# Radio/NAV/GSM antenna on Phaeton



## 16v (Aug 4, 1999)

Would someone be able to tell me which GSM bands the roof mounted antenna supports NA Phaetons? Is it dual band for the frequencies deployed or.....??

I read through some of the threads that illustrate the Nokia 6340 as being a viable solution for the incar kit but that model is GSM 850 only; my hope is that the handset choice is limited only due to the interaction with the telematics and not based on the usable band.
Thanks


----------



## move.over (Nov 25, 2004)

*Re: Radio/NAV/GSM antenna on Phaeton (16v)*

The window antenna is a GSM based antenna. The roof mounted (NA Only) antenna is an Analog Onstar ( AMPS) antenna. Quite a few threads on both subjects.
http://forums.vwvortex.com/zerothread?id=1684851


----------



## 16v (Aug 4, 1999)

*Re: Radio/NAV/GSM antenna on Phaeton (move.over)*

yes, however there are conflicting threads all over. Some information points to the roof antenna also housing a GSM portion.


----------



## PanEuropean (Nov 3, 2001)

*Re: Radio/NAV/GSM antenna on Phaeton (16v)*

To the best of my knowledge, the shark-fin antenna supports analog cell communication in North America (whatever frequency that is), and it also contains a GPS (Global Positioning System) antenna, which is not used at all. The reason it has an unused GPS (not GSM, which is totally different) antenna in it is because it was less expensive for VW to purchase an existing design product that contained two antennas (analog North American cell and GPS) than it would have been to build from scratch an antenna that supported analog cell only. Keep in mind that these shark-fin roof antennas are only used on North American Phaetons.
All Phaetons contain a GSM (Global Services for Mobile) phone antenna, this is built into the rear window glass. The GPS (satellite navigation) antenna that is used by the navigation system is also built into the rear window glass.
Here are some related links:
Telematics - How do I connect my cell phone to the Phaeton's built in cell phone antenna?
Telematics - What is the little wire in the box below the center armrest for?
....- additional discussion of the cell phone antenna connector
Michael


----------



## 16v (Aug 4, 1999)

*Re: Radio/NAV/GSM antenna on Phaeton (16v)*

thanks


----------



## uberanalyst (Sep 13, 2004)

*Re: Radio/NAV/GSM antenna on Phaeton (PanEuropean)*


_Quote, originally posted by *PanEuropean* »_To the best of my knowledge, the shark-fin antenna supports analog cell communication in North America (whatever frequency that is), and it also contains a GPS (Global Positioning System) antenna, which is not used at all.
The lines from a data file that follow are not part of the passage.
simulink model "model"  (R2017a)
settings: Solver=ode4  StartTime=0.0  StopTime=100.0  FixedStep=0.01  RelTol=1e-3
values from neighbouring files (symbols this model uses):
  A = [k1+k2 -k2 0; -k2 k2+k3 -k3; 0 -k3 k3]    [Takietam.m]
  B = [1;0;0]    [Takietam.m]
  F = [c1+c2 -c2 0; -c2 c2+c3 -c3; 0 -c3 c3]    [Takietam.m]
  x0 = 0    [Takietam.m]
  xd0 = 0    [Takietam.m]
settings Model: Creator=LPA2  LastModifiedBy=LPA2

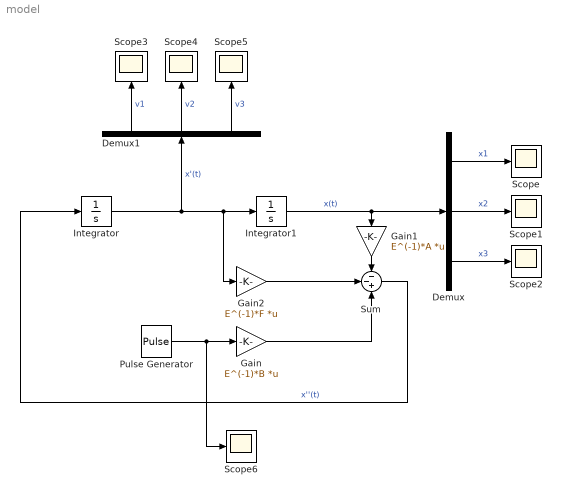
== system model ==
  Demux : Demux  Outputs=3
  Demux1 : Demux  Outputs=3
  Gain : Gain  Gain=E^(-1)*B  Multiplication=Matrix(K*u)
  Gain1 : Gain  Gain=E^(-1)*A  Multiplication=Matrix(K*u)
  Gain2 : Gain  Gain=E^(-1)*F  Multiplication=Matrix(K*u)
  Integrator : Integrator  InitialCondition=xd0
  Integrator1 : Integrator  InitialCondition=x0
  Pulse Generator : DiscretePulseGenerator  PulseType=Time based  Period=100
  Scope{,1..6} (7 alike) : Scope
  Sum : Sum  Inputs=--+
  wires:
  Integrator1/1 -> Demux/1, Gain1/1  "x(t)"
  Gain1/1 -> Sum/1
  Integrator/1 -> Gain2/1, Integrator1/1, Demux1/1  "x'(t)"
  Gain2/1 -> Sum/2
  Sum/1 -> Integrator/1  "x''(t)"
  Gain/1 -> Sum/3
  Demux/3 -> Scope2/1  "x3"
  Demux/2 -> Scope1/1  "x2"
  Demux/1 -> Scope/1  "x1"
  Demux1/1 -> Scope3/1  "v1"
  Demux1/2 -> Scope4/1  "v2"
  Demux1/3 -> Scope5/1  "v3"
  Pulse Generator/1 -> Scope6/1, Gain/1
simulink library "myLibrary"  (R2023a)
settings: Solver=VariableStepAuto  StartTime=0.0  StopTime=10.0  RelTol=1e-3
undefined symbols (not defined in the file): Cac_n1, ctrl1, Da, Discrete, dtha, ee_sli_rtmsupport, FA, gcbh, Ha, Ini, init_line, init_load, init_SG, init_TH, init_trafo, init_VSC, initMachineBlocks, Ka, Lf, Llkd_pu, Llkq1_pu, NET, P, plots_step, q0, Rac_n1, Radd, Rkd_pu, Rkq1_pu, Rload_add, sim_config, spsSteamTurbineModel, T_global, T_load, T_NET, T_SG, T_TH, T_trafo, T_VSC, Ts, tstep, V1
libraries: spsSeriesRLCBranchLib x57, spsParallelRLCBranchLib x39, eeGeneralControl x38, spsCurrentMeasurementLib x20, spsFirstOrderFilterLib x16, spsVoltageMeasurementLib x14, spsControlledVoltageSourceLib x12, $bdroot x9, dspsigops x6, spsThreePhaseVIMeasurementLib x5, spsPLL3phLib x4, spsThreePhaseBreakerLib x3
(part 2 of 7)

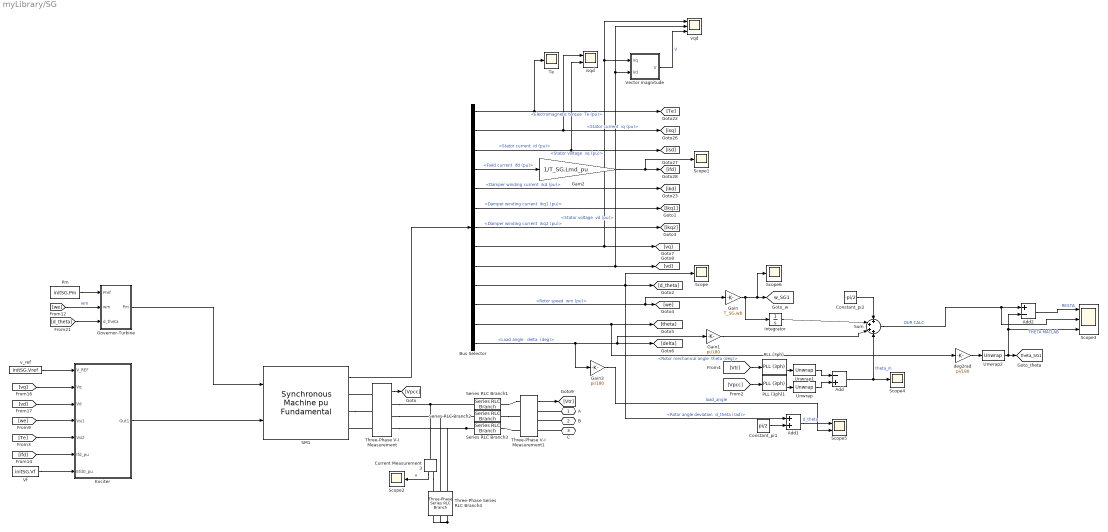
== system myLibrary/SG ==
  Add : Sum  Inputs=-+
  Add1 : Sum
  Add2 : Sum  Inputs=+-
  Bus Selector : BusSelector  OutputSignals="Mechanical.Electromagnetic torque  Te (pu),dq0 components.Stator current  iq (pu),dq0 components.Stator current  id (pu),dq0 components.Field current  ifd (pu),dq0 components.Damper winding current  ikd (pu),dq0 components.Damper winding current  ikq1 (pu),dq0 components.Damper winding current  ikq2 (pu),dq0 components.Stator voltage  vq (pu),dq0 components.Stator voltage  vd (pu),Mechanical.Rotor angle deviation  d_theta (rad),Mechanical.Rotor speed  wm (pu),Mechanical.Rotor mechanical angle  theta (deg),Load angle   delta  (deg)"
  Constant_pi1 : Constant  Value=pi/2
  Constant_pi2 : Constant  Value=-pi/2
  Current Measurement3 : spsCurrentMeasurementLib/Current Measurement  PhasorSimulation=off  OutputType=Complex  PSBequivalent=0
  Exciter : Subsystem
  Gain : Gain  Gain=T_SG.wb
  Gain1 : Gain  Gain=pi/180
  Gain2 : Gain  Gain=1/T_SG.Lmd_pu
  Gain3 : Gain  Gain=pi/180
  Governor-Turbine : Subsystem
  Integrator : Integrator
  PLL (3ph) : spsPLL3phLib/PLL (3ph)  Fmin=45  Par_Init=[0, 50]  ParK=[180, 3200, 1]  TcD=1e-4  MaxRateChangeFreq=12  FilterCutOffFreq=25  Ts=0  AGC=on
  PLL (3ph)1 : spsPLL3phLib/PLL (3ph)  Fmin=45  Par_Init=[initSG.theta_in, 50]  ParK=[180, 3200, 1]  TcD=1e-4  MaxRateChangeFreq=12  FilterCutOffFreq=25  Ts=0  AGC=on
  Pm : Constant  Value=initSG.Pm
  SM1 : spsSynchronousMachinepuFundamentalLib/Synchronous Machine pu Fundamental  PresetModel=No  MechanicalLoad=Mechanical power Pm  ShowDetailedParameters=on  RotorType=Round  Units=per unit fundamental parameters  MeasurementBus=off  NominalParameters=initMachineBlocks{SGnum,1}  Stator=initMachineBlocks{SGnum,2}  Field=initMachineBlocks{SGnum,3}  Dampers2=initMachineBlocks{SGnum,4}  Dampers1="[ Rkd_pu   Llkd_pu  Rkq1_pu  Llkq1_pu]"  Mechanical=initMachineBlocks{SGnum,5}  PolePairs=1  InitialConditions=initMachineBlocks{SGnum,6}  SetSaturation=off  Saturation=[0.6404,0.7127,0.8441,0.9214,0.9956,1.082,1.19,1.316,1.457;0.7,0.7698,0.8872,0.9466,0.9969,1.046,1.1,1.151,1.201]  LoadFlowParameters=[1 5.55 0 0 0]  TsPowergui=0  TsBlock=-1  IterativeModel=Trapezoidal non iterative  IterativeDiscreteModel=Trapezoidal non iterative  BusType=PV  Pref=5.55  Qref=0  Qmin=-Inf  Qmax=Inf  PLF=0  QLF=0
  Scope{,1..2,4,6} (5 alike) : Scope
  Scope3 : Scope  NumInputPorts=3
  Scope5 : Scope  NumInputPorts=2
  Series RLC Branch1 : spsSeriesRLCBranchLib/Series RLC Branch  LConnTagsString=__new0  RConnTagsString=__new0  BranchType=RL  Resistance=T_SG.Rtr*T_SG.Zbpu_l2g  Inductance=T_SG.Ltr*T_SG.Zbpu_l2g  SetiL0=off  InitialCurrent=initSG.Itr  Capacitance=P.C  Setx0=on  InitialVoltage=P.C  Measurements=None
  Series RLC Branch2 : spsSeriesRLCBranchLib/Series RLC Branch  LConnTagsString=__new0  RConnTagsString=__new0  BranchType=RL  Resistance=T_SG.Rtr*T_global.Sb(T_global.Area == T_SG.Area)/T_SG.Sb  Inductance=T_SG.Ltr*T_global.Sb(T_global.Area == T_SG.Area)/T_SG.Sb  SetiL0=off  InitialCurrent=initSG.Itr  Capacitance=P.C  Setx0=on  InitialVoltage=P.C  Measurements=None
  Series RLC Branch3 : spsSeriesRLCBranchLib/Series RLC Branch  LConnTagsString=__new0  RConnTagsString=__new0  BranchType=RL  Resistance=T_SG.Rtr*T_global.Sb(T_global.Area == T_SG.Area)/T_SG.Sb  Inductance=T_SG.Ltr*T_global.Sb(T_global.Area == T_SG.Area)/T_SG.Sb  SetiL0=off  InitialCurrent=initSG.Itr  Capacitance=P.C  Setx0=on  InitialVoltage=P.C  Measurements=None
  Sum : Sum  Inputs=++++
  Te : Scope
  Three-Phase Series RLC Branch4 : spsThreePhaseSeriesRLCBranchLib/Three-Phase Series RLC Branch  LConnTagsString=A|B|C  RConnTagsString=A|B|C  BranchType=R  Resistance=T_SG.Rsnb*T_SG.Zbpu_l2g  Inductance=NET.L1_2/2  Capacitance=1/0.0528/(2*pi*50)  Measurements=None
  Three-Phase V-I Measurement : spsThreePhaseVIMeasurementLib/Three-Phase V-I Measurement  VoltageMeasurement=phase-to-phase  SetLabelV=off  LabelV=Vpcc  Vpu=off  VpuLL=off  CurrentMeasurement=no  SetLabelI=off  LabelI=Iabc  Ipu=off  Pbase=100e6  Vbase=500e3  OutputType=Complex  PhasorSimulation=off  PSBequivalent=0
  Three-Phase V-I Measurement1 : spsThreePhaseVIMeasurementLib/Three-Phase V-I Measurement  VoltageMeasurement=phase-to-phase  SetLabelV=off  LabelV=Vtr  Vpu=off  VpuLL=off  CurrentMeasurement=no  SetLabelI=off  LabelI=Iabc  Ipu=off  Pbase=100e6  Vbase=500e3  OutputType=Complex  PhasorSimulation=off  PSBequivalent=0
  Unwrap : dspsigops/Unwrap  tol=pi  InputProcessing=Columns as channels (frame based)  running=off
  Unwrap1 : dspsigops/Unwrap  tol=pi  InputProcessing=Columns as channels (frame based)  running=off
  Unwrap2 : dspsigops/Unwrap  tol=pi  InputProcessing=Columns as channels (frame based)  running=off
  "Vector magnitude " : Subsystem
  Vf : Constant  Value=initSG.Vf
  deg2rad : Gain  Gain=pi/180
  isqd : Scope  NumInputPorts=2
  v_ref : Constant  Value=initSG.Vref
  vqd : Scope  NumInputPorts=3
  A : PMIOPort  Side=Right
  B : PMIOPort  Port=2  Side=Right
  C : PMIOPort  Port=3  Side=Right
  tag scope: theta_SG1=global, w_SG1=global
  wires:
  Three-Phase V-I Measurement1/1 -> [Vtr]
  Three-Phase V-I Measurement/1 -> [Vpcc]
  Bus Selector/10 -> [d_theta], Add1/1, Scope/1  "<Rotor angle deviation  d_theta (rad)>"
  Bus Selector/7 -> [ikq2]  "<Damper winding current  ikq2 (pu)>"
  [Vtr] -> PLL (3ph)/1
  Gain2/1 -> Scope1/1, [ifd]
  Bus Selector/5 -> [ikd]  "<Damper winding current  ikd (pu)>"
  Bus Selector/3 -> isqd/2, [isd]  "<Stator current  id (pu)>"
  Bus Selector/11 -> [we], Gain/1  "<Rotor speed  wm (pu)>"
  Bus Selector/6 -> [ikq1]  "<Damper winding current  ikq1 (pu)>"
  [Vpcc] -> PLL (3ph)1/1
  Bus Selector/4 -> Gain2/1  "<Field current  ifd (pu)>"
  Bus Selector/8 -> "Vector magnitude "/1(Vq), vqd/1, [vq]  "<Stator voltage  vq (pu)>"
  Bus Selector/1 -> Te/1, [Te]  "<Electromagnetic torque  Te (pu)>"
  Bus Selector/9 -> "Vector magnitude "/2(Vd), vqd/2, [vd]  "<Stator voltage  vd (pu)>"
  Gain/1 -> Scope6/1, [w_SG1], Integrator/1
  Current Measurement3/1 -> Scope2/1  "a"
  "Vector magnitude "/1(V) -> vqd/3  "V"
  Unwrap1/1 -> Add/1
  SM1/1 -> Bus Selector/1
  Bus Selector/13 -> [delta], Gain1/1, Gain3/1  "<Load angle   delta  (deg)>"
  Bus Selector/12 -> deg2rad/1, [theta]  "<Rotor mechanical angle  theta (deg)>"
  Bus Selector/2 -> isqd/1, [isq]  "<Stator current  iq (pu)>"
  Add/1 -> Scope4/1, Sum/4  "theta_in"
  Integrator/1 -> Sum/2
  PLL (3ph)1/2 -> Unwrap/1
  PLL (3ph)/2 -> Unwrap1/1
  Unwrap/1 -> Add/2
  Constant_pi1/1 -> Add1/2
  Add1/1 -> Scope5/1  "d_theta"
  Gain3/1 -> Scope5/2  "load_angle"
  Gain1/1 -> Sum/3
  Constant_pi2/1 -> Sum/1
  Governor-Turbine/1(Pm) -> SM1/1
  [we] -> Governor-Turbine/2(wm)  "wm"
  Pm/1 -> Governor-Turbine/1(Pref)
  [d_theta] -> Governor-Turbine/3(d_theta)
  deg2rad/1 -> Unwrap2/1
  Unwrap2/1 -> Add2/2, Scope3/3, [theta_SG1]  "THETA MATLAB"
  [we] -> Exciter/4(Vsi1)
  [vd] -> Exciter/3(Vd)
  [ifd] -> Exciter/6(Ifd_pu)
  [Te] -> Exciter/5(Vsi2)
  Vf/1 -> Exciter/7(Efd0_pu)
  v_ref/1 -> Exciter/1(V_REF)
  Exciter/1(Out1) -> SM1/2
  [vq] -> Exciter/2(Vq)
  Sum/1 -> Scope3/2, Add2/1  "OUR CALC"
  Add2/1 -> Scope3/1  "RESTA"
  connections:
  Three-Phase V-I Measurement/LConn3 -- SM1/RConn3
  SM1/RConn2 -- Three-Phase V-I Measurement/LConn2
  Three-Phase V-I Measurement/LConn1 -- SM1/RConn1
  B/RConn1 -- Three-Phase V-I Measurement1/RConn2
  Three-Phase V-I Measurement1/LConn3 -- Series RLC Branch3/RConn1
  Series RLC Branch1/RConn1 -- Three-Phase V-I Measurement1/LConn1
  Current Measurement3/RConn1 -- Three-Phase Series RLC Branch4/RConn1
  A/RConn1 -- Three-Phase V-I Measurement1/RConn1
  C/RConn1 -- Three-Phase V-I Measurement1/RConn3
  Series RLC Branch2/RConn1 -- Three-Phase V-I Measurement1/LConn2
  Three-Phase V-I Measurement/RConn1 -- Series RLC Branch1/LConn1 -- Current Measurement3/LConn1
  Series RLC Branch3/LConn1 -- Three-Phase V-I Measurement/RConn3 -- Three-Phase Series RLC Branch4/RConn3
  Three-Phase Series RLC Branch4/LConn3 -- Three-Phase Series RLC Branch4/LConn2 -- Three-Phase Series RLC Branch4/LConn1
  Series RLC Branch2/LConn1 -- Three-Phase V-I Measurement/RConn2 -- Three-Phase Series RLC Branch4/RConn2

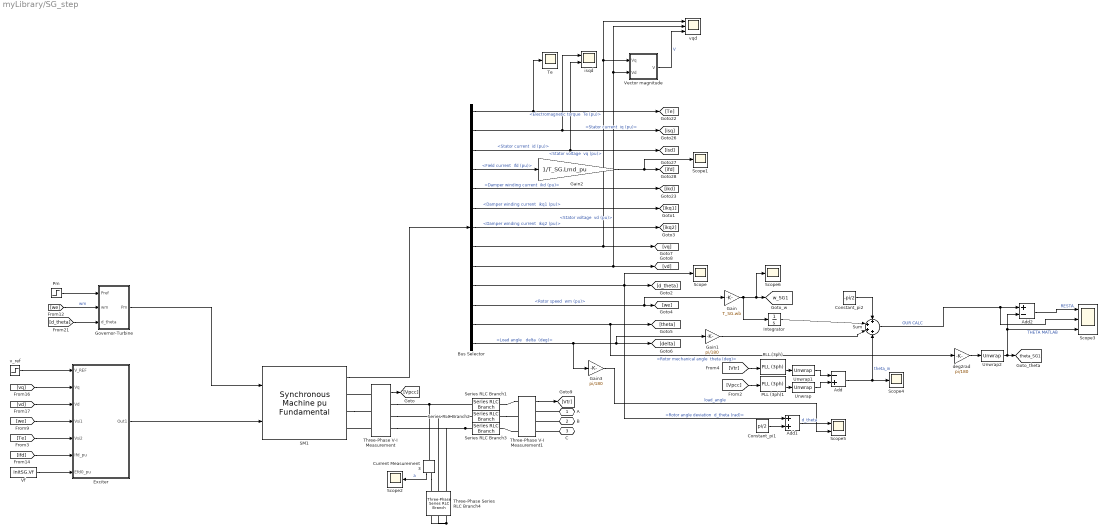
== system myLibrary/SG_step ==
  Add : Sum  Inputs=-+
  Add1 : Sum
  Add2 : Sum  Inputs=+-
  Bus Selector : BusSelector  OutputSignals="Mechanical.Electromagnetic torque  Te (pu),dq0 components.Stator current  iq (pu),dq0 components.Stator current  id (pu),dq0 components.Field current  ifd (pu),dq0 components.Damper winding current  ikd (pu),dq0 components.Damper winding current  ikq1 (pu),dq0 components.Damper winding current  ikq2 (pu),dq0 components.Stator voltage  vq (pu),dq0 components.Stator voltage  vd (pu),Mechanical.Rotor angle deviation  d_theta (rad),Mechanical.Rotor speed  wm (pu),Mechanical.Rotor mechanical angle  theta (deg),Load angle   delta  (deg)"
  Constant_pi1 : Constant  Value=pi/2
  Constant_pi2 : Constant  Value=-pi/2
  Current Measurement3 : spsCurrentMeasurementLib/Current Measurement  PhasorSimulation=off  OutputType=Complex  PSBequivalent=0
  Exciter : Subsystem
  Gain : Gain  Gain=T_SG.wb
  Gain1 : Gain  Gain=pi/180
  Gain2 : Gain  Gain=1/T_SG.Lmd_pu
  Gain3 : Gain  Gain=pi/180
  Governor-Turbine : Subsystem
  Integrator : Integrator
  PLL (3ph) : spsPLL3phLib/PLL (3ph)  Fmin=45  Par_Init=[0, 50]  ParK=[180, 3200, 1]  TcD=1e-4  MaxRateChangeFreq=12  FilterCutOffFreq=25  Ts=0  AGC=on
  PLL (3ph)1 : spsPLL3phLib/PLL (3ph)  Fmin=45  Par_Init=[initSG.theta_in, 50]  ParK=[180, 3200, 1]  TcD=1e-4  MaxRateChangeFreq=12  FilterCutOffFreq=25  Ts=0  AGC=on
  Pm : Step  Time=tstep_P  Before=initSG.Pm  After=initSG.Pm*(1+sim_config.DR)  SampleTime=1e-4
  SM1 : spsSynchronousMachinepuFundamentalLib/Synchronous Machine pu Fundamental  PresetModel=No  MechanicalLoad=Mechanical power Pm  ShowDetailedParameters=on  RotorType=Round  Units=per unit fundamental parameters  MeasurementBus=off  NominalParameters=initMachineBlocks{SGnum,1}  Stator=initMachineBlocks{SGnum,2}  Field=initMachineBlocks{SGnum,3}  Dampers2=initMachineBlocks{SGnum,4}  Dampers1="[ Rkd_pu   Llkd_pu  Rkq1_pu  Llkq1_pu]"  Mechanical=initMachineBlocks{SGnum,5}  PolePairs=1  InitialConditions=initMachineBlocks{SGnum,6}  SetSaturation=off  Saturation=[0.6404,0.7127,0.8441,0.9214,0.9956,1.082,1.19,1.316,1.457;0.7,0.7698,0.8872,0.9466,0.9969,1.046,1.1,1.151,1.201]  LoadFlowParameters=[1 5.55 0 0 0]  TsPowergui=0  TsBlock=-1  IterativeModel=Trapezoidal non iterative  IterativeDiscreteModel=Trapezoidal non iterative  BusType=PV  Pref=5.55  Qref=0  Qmin=-Inf  Qmax=Inf  PLF=0  QLF=0
  Scope{,1..2,4,6} (5 alike) : Scope
  Scope3 : Scope  NumInputPorts=3
  Scope5 : Scope  NumInputPorts=2
  Series RLC Branch1 : spsSeriesRLCBranchLib/Series RLC Branch  LConnTagsString=__new0  RConnTagsString=__new0  BranchType=RL  Resistance=T_SG.Rtr*T_SG.Zbpu_l2g  Inductance=T_SG.Ltr*T_SG.Zbpu_l2g  SetiL0=off  InitialCurrent=initSG.Itr  Capacitance=P.C  Setx0=on  InitialVoltage=P.C  Measurements=None
  Series RLC Branch2 : spsSeriesRLCBranchLib/Series RLC Branch  LConnTagsString=__new0  RConnTagsString=__new0  BranchType=RL  Resistance=T_SG.Rtr*T_global.Sb(T_global.Area == T_SG.Area)/T_SG.Sb  Inductance=T_SG.Ltr*T_global.Sb(T_global.Area == T_SG.Area)/T_SG.Sb  SetiL0=off  InitialCurrent=initSG.Itr  Capacitance=P.C  Setx0=on  InitialVoltage=P.C  Measurements=None
  Series RLC Branch3 : spsSeriesRLCBranchLib/Series RLC Branch  LConnTagsString=__new0  RConnTagsString=__new0  BranchType=RL  Resistance=T_SG.Rtr*T_global.Sb(T_global.Area == T_SG.Area)/T_SG.Sb  Inductance=T_SG.Ltr*T_global.Sb(T_global.Area == T_SG.Area)/T_SG.Sb  SetiL0=off  InitialCurrent=initSG.Itr  Capacitance=P.C  Setx0=on  InitialVoltage=P.C  Measurements=None
  Sum : Sum  Inputs=++++
  Te : Scope
  Three-Phase Series RLC Branch4 : spsThreePhaseSeriesRLCBranchLib/Three-Phase Series RLC Branch  LConnTagsString=A|B|C  RConnTagsString=A|B|C  BranchType=R  Resistance=T_SG.Rsnb*T_SG.Zbpu_l2g  Inductance=NET.L1_2/2  Capacitance=1/0.0528/(2*pi*50)  Measurements=None
  Three-Phase V-I Measurement : spsThreePhaseVIMeasurementLib/Three-Phase V-I Measurement  VoltageMeasurement=phase-to-phase  SetLabelV=off  LabelV=Vpcc  Vpu=off  VpuLL=off  CurrentMeasurement=no  SetLabelI=off  LabelI=Iabc  Ipu=off  Pbase=100e6  Vbase=500e3  OutputType=Complex  PhasorSimulation=off  PSBequivalent=0
  Three-Phase V-I Measurement1 : spsThreePhaseVIMeasurementLib/Three-Phase V-I Measurement  VoltageMeasurement=phase-to-phase  SetLabelV=off  LabelV=Vtr  Vpu=off  VpuLL=off  CurrentMeasurement=no  SetLabelI=off  LabelI=Iabc  Ipu=off  Pbase=100e6  Vbase=500e3  OutputType=Complex  PhasorSimulation=off  PSBequivalent=0
  Unwrap : dspsigops/Unwrap  tol=pi  InputProcessing=Columns as channels (frame based)  running=off
  Unwrap1 : dspsigops/Unwrap  tol=pi  InputProcessing=Columns as channels (frame based)  running=off
  Unwrap2 : dspsigops/Unwrap  tol=pi  InputProcessing=Columns as channels (frame based)  running=off
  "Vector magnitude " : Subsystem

The reason it has an unused GPS (not GSM, which is totally different) antenna in it is because it was less expensive for VW to purchase an existing design product that contained two antennas (analog North American cell and GPS) than it would have been to build from scratch an antenna that supported analog cell only. Keep in mind that these shark-fin roof antennas are only used on North American Phaetons.l

Michael:
You are correct that the shark-fin antenna on North American Phaetons contains both the analog cellphone and GPS antennas. However, the OnStar system *DOES* use its own GPS antenna - it's needed because the OnStar system has its own GPS location subsystem, separate from the GPS that's used with the Phaeton's navigation system. North American Phaetons thus have two independent GPS systems.
The OnStar systems needs GPS functionality so that it can report your car's position to the OnStar help desk. OnStar in the Phaeton is a relatively self-contained system (seemingly added as an afterthought).
- Dave


----------



## PanEuropean (Nov 3, 2001)

*Re: Radio/NAV/GSM antenna on Phaeton (uberanalyst)*

Wow. I did not know that. Thanks again, Dave. I think we should appoint you as our honorary "Quality Control Manager" for the forum. I really appreciate your contributions.
Michael


----------



## uberanalyst (Sep 13, 2004)

Michael:
I only know some of this stuff because out of curiosity, I bought the Bentley manual CD to go with my VAG-COM (hey, I'm an MIT-grad geek).
But it's all your fantastic posts that make participating in the forum such a valuable experience. Keep up the good work!
- Dave


----------



## PanEuropean (Nov 3, 2001)

*Re: (uberanalyst)*

Here are two illustrations that may provide more information about the antennas on the Phaeton. Note that the shark-fin antenna and its two components (analog phone and GPS) do not appear in either of these illustrations.
My guess is that the *R65* antenna module found on the rear window glass is the GSM phone antenna that the little connector in the armrest between the front seats of North American Phaetons is hooked up to, and *R50* is the antenna used by the Phaeton navigation system.
The reference to 'auxiliary heater' means the parked vehicle heater (Standheizungen), which is not available on North American Phaetons.
*Antenna Components on Rear Window of Phaeton*


----------



## Pifiu (Jan 28, 2002)

*Re: (PanEuropean)*

I went ahead and replaced the antenna in my Jetta IV for a phateon one since it had the GPS functionality. The reason for that is, because I got an aftermarket Alpine GPS system and wanted to integrate it into an OEM looking antenna without having to add the little nasty small one thta Alpine brings. I got a connector made to mate it to the phaeton one and it works perfect. For the FM I just cut my old antenna and soldered a cable with a matting connector for the radio part. It works good also. http://****************.com/smile/emthup.gif


----------